Replying to isaacullah:

When running grass.region() and grass.raster_info(), values come out in double precision, which is NOT what you get if you run g.region or r.info, where they come out in single precision. This can cause region misalignments and problems with boolean comparisons in scripts.

These functions simply parse the (decimal) output from g.region and r.info. Python has printf-like formatting operations if you wish to use them.

comment:3 in reply to:  2 Changed 9 years ago by cmbarton

Replying to glynn:

Replying to isaacullah:

When running grass.region() and grass.raster_info(), values come out in double precision, which is NOT what you get if you run g.region or r.info, where they come out in single precision. This can cause region misalignments and problems with boolean comparisons in scripts.

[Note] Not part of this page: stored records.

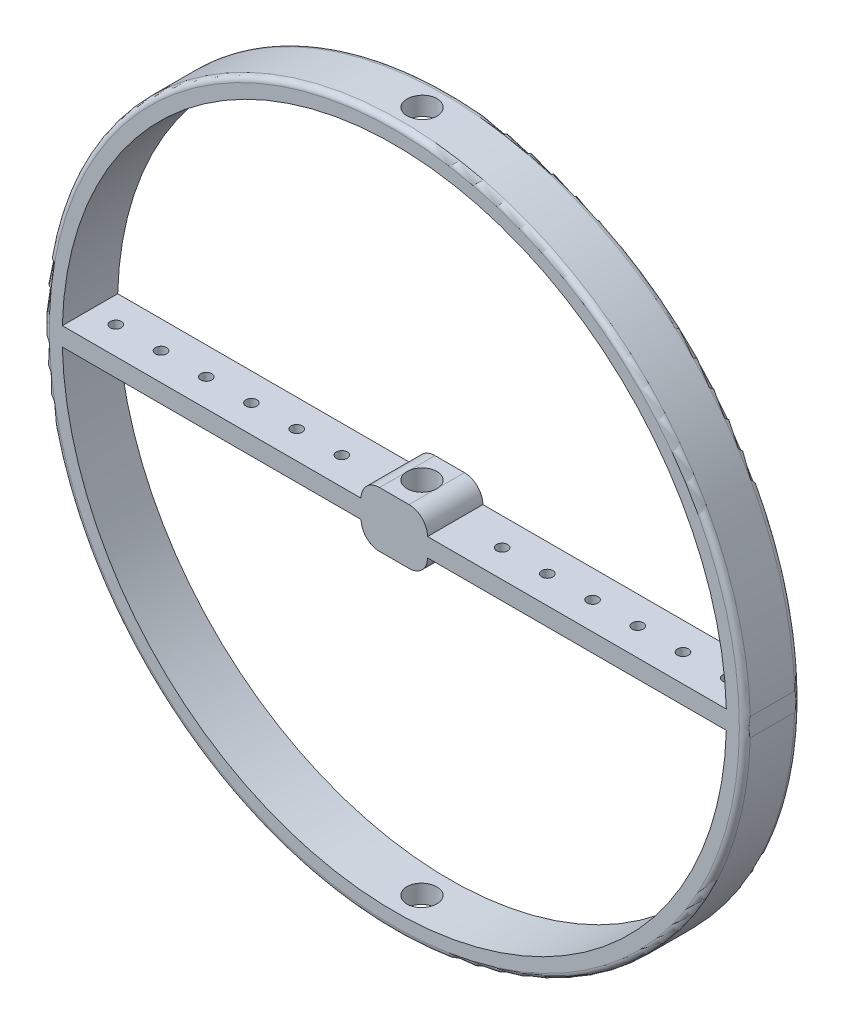
SolidWorks part; units mm, degrees
ref_plane "Front Plane" through (0, 0, 0) normal (0, 0, 1) x (1, 0, 0)
ref_plane "Top Plane" through (0, 0, 0) normal (0, 1, 0) x (1, 0, 0)
ref_plane "Right Plane" through (0, 0, 0) normal (1, 0, 0) x (0, 0, -1)
sketch "Sketch1" plane through (0, 0, 0) normal (0, 0, 1) x (1, 0, 0)
  line L0 (0, 95) -> (0, -95) construction
  line L1 (-95, 0) -> (95, 0) construction
  line L3 (-94.9671, -2.5) -> (94.9671, -2.5)
  line L4 (-94.9671, -2.5) -> (-94.9671, 2.5)
  line L5 (-94.9671, 2.5) -> (94.9671, 2.5)
  line L6 (94.9671, -2.5) -> (94.9671, 2.5)
  line L7 (-94.9671, -2.5) -> (94.9671, 2.5) construction
  line L8 (-94.9671, 2.5) -> (94.9671, -2.5) construction
  line L9 (-9, -7.5) -> (9, -7.5)
  line L10 (-9, -7.5) -> (-9, 7.5)
  line L11 (-9, 7.5) -> (9, 7.5)
  line L12 (9, -7.5) -> (9, 7.5)
  line L13 (-9, -7.5) -> (9, 7.5) construction
  line L14 (-9, 7.5) -> (9, -7.5) construction
  circle A0 centre (0, 0) radius 95
  circle A1 centre (0, 0) radius 90
  dimension "D1" = 15
  dimension "D2" = 5
  dimension "D3" = 18
extrude "Boss-Extrude1" add sketch "Sketch1" along normal blind 15 contours A1 L5 A0 | A1 L3 A0 | A1 L5 L4 L3 | L5 A1 L3 L10 | L3 A1 L5 L12 | A1 L3 L6 L5 | L3 L12 L5 L10 | L5 L12 L11 L10 | L9 L12 L3 L10
sketch "Sketch2" plane through (0, 2.5, 0) normal (0, 1, 0) x (1, 0, 0)
  line L0 (-94.9671, -7.5) -> (94.9671, -7.5) construction
  line L1 (-94.9671, -15) -> (-94.9671, 0) construction
  line L2 (94.9671, -15) -> (94.9671, 0) construction
  line L3 (-89.9653, -15) -> (-89.9653, 0) construction
  circle A0 centre (-82.9653, -7.5) radius 1.5
  dimension "D1" = 7
extrude "Cut-Extrude1" cut sketch "Sketch2" against normal blind 20 contours A0
sketch "Sketch3" plane through (0, 2.5, 0) normal (0, 1, 0) x (1, 0, 0)
  line L2 (89.9653, -15) -> (89.9653, 0) construction
  line L3 (82.9653, -7.5) -> (147.8479, -7.5) construction
  circle A0 centre (82.9653, -7.5) radius 1.5
  dimension "D1" = 7
extrude "Cut-Extrude2" cut sketch "Sketch3" against normal blind 15
sketch "Sketch4" plane through (0, 7.5, 0) normal (0, 1, 0) x (1, 0, 0)
  line L0 (0, 0) -> (0, -15) construction
  line L1 (-94.9671, -15) -> (94.9671, -15) construction
  line L2 (-9, -7.5) -> (9, -7.5) construction
  line L3 (-9, -15) -> (-9, 0) construction
  line L4 (9, -15) -> (9, 0) construction
  circle A0 centre (0, -7.5) radius 4.05
  dimension "D1" = 8.1
extrude "Cut-Extrude3" cut sketch "Sketch4" against normal blind 330 and the other way blind 290 contours A0
sketch "Sketch5" plane through (0, 2.5, 0) normal (0, 1, 0) x (1, 0, 0)
  line L0 (82.9653, -7.5) -> (47.9632, -7.5) construction
  line L1 (-82.9653, -7.5) -> (-47.9632, -7.5) construction
pattern_linear "LPattern3" count 6 spacing 12.25 along (-1, 0, 0) of "Cut-Extrude2"
pattern_linear "LPattern4" count 6 spacing 12.25 along (1, 0, 0) of "Cut-Extrude1"
fillet "Fillet1" radius 5 3 edges at (-9, 5, 15) (-9, 5, 0) (-9, 7.5, 7.5)
fillet "Fillet2" radius 5 3 edges at (9, 5, 15) (9, 5, 0) (9, 7.5, 7.5)
fillet "Fillet3" radius 5 3 edges at (9, -5, 0) (9, -7.5, 7.5) (9, -5, 15)
fillet "Fillet4" radius 5 3 edges at (-9, -5, 0) (-9, -7.5, 7.5) (-9, -5, 15)
fillet "Fillet5" radius 1.5 4 edges at (0, -95, 15) (94.9671, 0, 15) (0, 95, 15) (-94.9671, 0, 15)
fillet "Fillet6" radius 1.5 4 edges at (-94.9671, 0, 0) (0, 95, 0) (94.9671, 0, 0) (0, -95, 0)

These functions simply parse the (decimal) output from g.region and r.info. Python has printf-like formatting operations if you wish to use them.

Actually this is not what seems to be happening. g.region and r.info produce single precision values, as expected. But the python library functions do not seem to be getting values from these--or are doing something strange with the values after the fact--in order to come up with double precision values. The result is that the values in the dictionary produced by grass.region() and grass.raster_info() are *different* from the values that come from g.region or r.info. Therein lies the problem.

A region set using g.region is different from a region set using grass.region(). The difference is not much but it is enough to cause problems if you are comparing regions in a boolean way or trying to overlay maps created with a setting in g.region and maps created with a setting from grass.region().

My only guess is that somehow grass.region() is populating its dictionary via a swig/ctype call instead of just parsing g.region. If this guess is wrong, then something else is happening to the values after they are generated by g.region and before they go into the python dictionary.

comment:4 Changed 9 years ago by glynn

Replying to cmbarton:

These functions simply parse the (decimal) output from g.region and r.info. Python has printf-like formatting operations if you wish to use them.

Actually this is not what seems to be happening.

Yes it is.

g.region and r.info produce single precision values, as expected.

g.region and r.info produce decimal values using G_format_{northing,easting}, which uses either %.15g or %.8f (except for lat/lon, which uses DMS). Both of these are better than IEEE single-precision which has between 6 and 7 decimal digits. %.15g uses 15 decimal digits (trailing zeros after the decimal pointer are omitted, as is the decimal point itself if it is not required); %.8f uses as many digits as are required before the decimal point and a further 8 digits after it.

But the python library functions do not seem to be getting values from these--

The Python functions are wrappers around "g.region -g" and "r.info -rgstmpud", which parse the output into a dictionary, with the strings parsed using float(), int() or float_or_dms() as appropriate.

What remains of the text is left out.